LNC began its 2022 nomination process with a meeting on November 18 where it considered the Strategic Priorities document for 2022 provided by Council and began identifying the kinds of candidates it will be seeking for Nominating Committee, Council, Treasurer, Secretary, and Vice-Chair this year.

Standards and Ethics Committee
Chair: Erin Richardson, Frank and Glory

The committee published the position paper Valuing History Collections in May 2020. The document took into account recent revisions to the Financial Standard Accounting Board’s definition of the term “collection” and new regulations related to proceeds from the sale of deaccessions. Committee members participated in an AASLH Conversation about that document: “Deaccessioning in a Recession? Why and Why Not” in May 2021. Committee members worked in collaboration with the Small Museums Affinity Community and the Field Services Alliance to publish What’s Next? A Guide to Museum Transitions and Closures position paper, published in March 2021.

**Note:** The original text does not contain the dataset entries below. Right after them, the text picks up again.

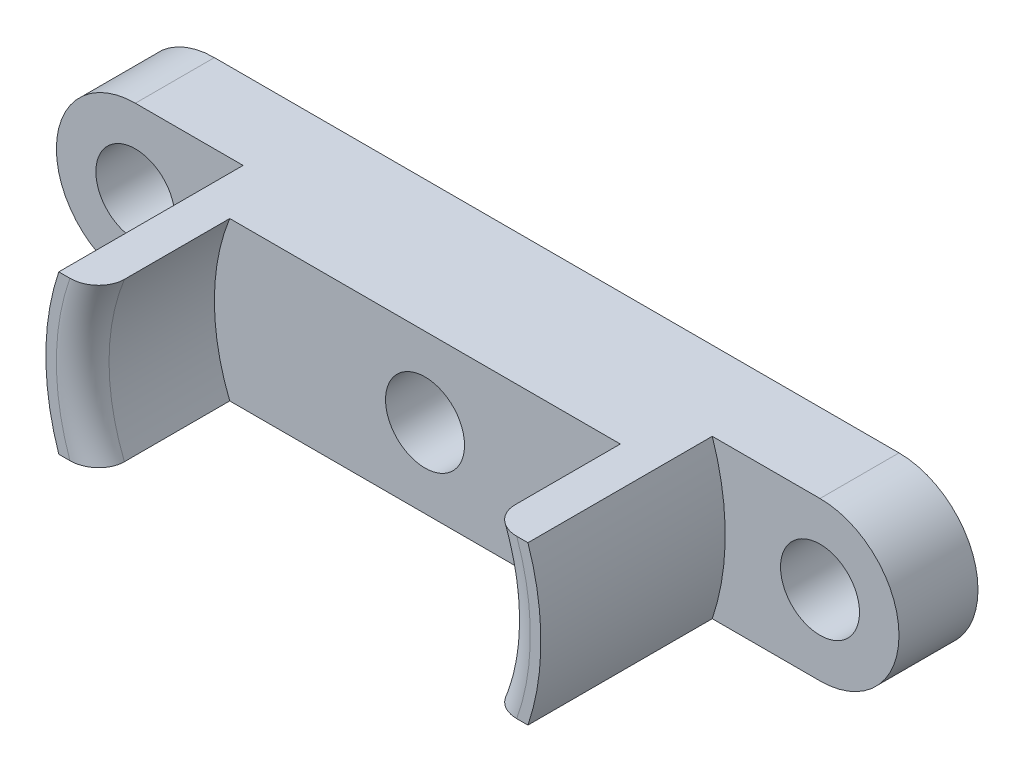
ISO-10303-21;
HEADER;
FILE_DESCRIPTION(('STEP AP214'),'2;1');
FILE_NAME('part.step','',(''),(''),'','','');
FILE_SCHEMA(('AUTOMOTIVE_DESIGN { 1 0 10303 214 1 1 1 1 }'));
ENDSEC;
DATA;
#1=APPLICATION_CONTEXT('core data for automotive mechanical design processes');
#2=APPLICATION_PROTOCOL_DEFINITION('international standard','automotive_design',2000,#1);
#3=PRODUCT_CONTEXT('',#1,'mechanical');
#4=PRODUCT('Part','Part','',(#3));
#5=PRODUCT_RELATED_PRODUCT_CATEGORY('part','',(#4));
#6=PRODUCT_DEFINITION_FORMATION('','',#4);
#7=PRODUCT_DEFINITION_CONTEXT('part definition',#1,'design');
#8=PRODUCT_DEFINITION('design','',#6,#7);
#9=PRODUCT_DEFINITION_SHAPE('','',#8);
#10=(LENGTH_UNIT() NAMED_UNIT(*) SI_UNIT(.MILLI.,.METRE.));
#11=(NAMED_UNIT(*) PLANE_ANGLE_UNIT() SI_UNIT($,.RADIAN.));
#12=(NAMED_UNIT(*) SI_UNIT($,.STERADIAN.) SOLID_ANGLE_UNIT());
#13=UNCERTAINTY_MEASURE_WITH_UNIT(LENGTH_MEASURE(1.E-05),#10,'distance_accuracy_value','');
#14=(GEOMETRIC_REPRESENTATION_CONTEXT(3) GLOBAL_UNCERTAINTY_ASSIGNED_CONTEXT((#13)) GLOBAL_UNIT_ASSIGNED_CONTEXT((#10,
#11,#12)) REPRESENTATION_CONTEXT('',''));
#15=CARTESIAN_POINT('',(0.,0.,0.));
#16=DIRECTION('',(0.,0.,1.));
#17=DIRECTION('',(1.,0.,0.));
#18=AXIS2_PLACEMENT_3D('',#15,#16,#17);
#19=CARTESIAN_POINT('',(9.4,0.,0.));
#20=DIRECTION('',(0.,0.,-1.));
#21=DIRECTION('',(-1.,0.,0.));
#22=AXIS2_PLACEMENT_3D('',#19,#20,#21);
#23=PLANE('',#22);
#24=CARTESIAN_POINT('',(0.,0.,0.));
#25=DIRECTION('',(0.,0.,1.));
#26=DIRECTION('',(1.,0.,0.));
#27=AXIS2_PLACEMENT_3D('',#24,#25,#26);
#28=CIRCLE('',#27,1.5);
#29=CARTESIAN_POINT('',(1.5,0.,0.));
#30=VERTEX_POINT('',#29);
#31=EDGE_CURVE('E193',#30,#30,#28,.T.);
#32=ORIENTED_EDGE('',*,*,#31,.F.);
#33=EDGE_LOOP('',(#32));
#34=FACE_BOUND('',#33,.T.);
#35=DIRECTION('',(1.,0.,0.));
#36=VECTOR('',#35,1.);
#37=CARTESIAN_POINT('',(9.4,-3.,0.));
#38=LINE('',#37,#36);
#39=CARTESIAN_POINT('',(-7.41619848709566,-3.,0.));
#40=VERTEX_POINT('',#39);
#41=CARTESIAN_POINT('',(7.41619848709566,-3.,0.));
#42=VERTEX_POINT('',#41);
#43=EDGE_CURVE('E246',#40,#42,#38,.T.);
#44=ORIENTED_EDGE('',*,*,#43,.T.);
#45=CARTESIAN_POINT('',(0.,0.,0.));
#46=DIRECTION('',(0.,0.,1.));
#47=DIRECTION('',(1.,0.,0.));
#48=AXIS2_PLACEMENT_3D('',#45,#46,#47);
#49=CIRCLE('',#48,8.);
#50=CARTESIAN_POINT('',(7.41619848709566,3.,0.));
#51=VERTEX_POINT('',#50);
#52=EDGE_CURVE('E148',#42,#51,#49,.T.);
#53=ORIENTED_EDGE('',*,*,#52,.T.);
#54=DIRECTION('',(1.,0.,0.));
#55=VECTOR('',#54,1.);
#56=CARTESIAN_POINT('',(9.4,3.,0.));
#57=LINE('',#56,#55);
#58=CARTESIAN_POINT('',(-7.41619848709566,3.,0.));
#59=VERTEX_POINT('',#58);
#60=EDGE_CURVE('E243',#59,#51,#57,.T.);
#61=ORIENTED_EDGE('',*,*,#60,.F.);
#62=CARTESIAN_POINT('',(0.,0.,0.));
#63=DIRECTION('',(0.,0.,1.));
#64=DIRECTION('',(1.,0.,0.));
#65=AXIS2_PLACEMENT_3D('',#62,#63,#64);
#66=CIRCLE('',#65,8.);
#67=EDGE_CURVE('E174',#59,#40,#66,.T.);
#68=ORIENTED_EDGE('',*,*,#67,.T.);
#69=EDGE_LOOP('',(#44,#53,#61,#68));
#70=FACE_BOUND('',#69,.T.);
#71=ADVANCED_FACE('F39',(#34,#70),#23,.F.);
#72=CARTESIAN_POINT('',(0.,0.,0.));
#73=DIRECTION('',(0.,0.,-1.));
#74=DIRECTION('',(-1.,0.,0.));
#75=AXIS2_PLACEMENT_3D('',#72,#73,#74);
#76=CYLINDRICAL_SURFACE('',#75,9.4);
#77=CARTESIAN_POINT('',(0.,0.,-2.));
#78=DIRECTION('',(0.,0.,-1.));
#79=DIRECTION('',(-1.,0.,0.));
#80=AXIS2_PLACEMENT_3D('',#77,#78,#79);
#81=CIRCLE('',#80,9.4);
#82=CARTESIAN_POINT('',(-8.90842298052804,-3.,-2.));
#83=VERTEX_POINT('',#82);
#84=CARTESIAN_POINT('',(-8.90842298052804,3.,-2.));
#85=VERTEX_POINT('',#84);
#86=EDGE_CURVE('E239',#83,#85,#81,.T.);
#87=ORIENTED_EDGE('',*,*,#86,.F.);
#88=DIRECTION('',(0.,0.,-1.));
#89=VECTOR('',#88,1.);
#90=CARTESIAN_POINT('',(-8.90842298052804,-3.,0.));
#91=LINE('',#90,#89);
#92=CARTESIAN_POINT('',(-8.90842298052804,-3.,5.));
#93=VERTEX_POINT('',#92);
#94=EDGE_CURVE('E227',#83,#93,#91,.F.);
#95=ORIENTED_EDGE('',*,*,#94,.T.);
#96=CARTESIAN_POINT('',(0.,0.,5.));
#97=DIRECTION('',(0.,0.,1.));
#98=DIRECTION('',(1.,0.,0.));
#99=AXIS2_PLACEMENT_3D('',#96,#97,#98);
#100=CIRCLE('',#99,9.4);
#101=CARTESIAN_POINT('',(-8.90842298052804,3.,5.));
#102=VERTEX_POINT('',#101);
#103=EDGE_CURVE('E177',#102,#93,#100,.T.);
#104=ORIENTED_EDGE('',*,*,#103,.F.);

Current projects include the friends’ group “white paper” [title in development] in conjunction with members of the State Historical Administrators Meetings. Working with the Public History Research Lab, we developed and released a survey on that topic in Summer 2021. We also submitted a session proposal for 2022 to share the results of the survey and eventual publication. In 2022 we hope to begin a similar project, with a task force model, to tackle “compensation vs. volunteerism” [title also in development] that will address questions around when labor could or should be compensated, or when it must not be compensated, especially in the “few-or-no staff, many volunteers” model of most history organizations.

2022 goals:

  • Complete friends’ group project for review by AASLH, design for publication (spring) and host related Annual Meeting/Virtual Conference session (September)
  • Begin compensation vs. volunteerism project (Summer)
  • Nominate at least three new committee members to begin in October

History Leadership Institute Advisory Board

This group consists of the major funders of HLI: the Indiana Historical Society, Conner Prairie, History Nebraska, Minnesota Historical Society, the National Association for Interpretation, and the Missouri Historical Society. It selects the applicants, reviews the curriculum and the work of the HLI Director, Max van Balgooy, and recommends improvements to the program. This month the board is reviewing the twenty-three applications that arrived for this June’s seminar.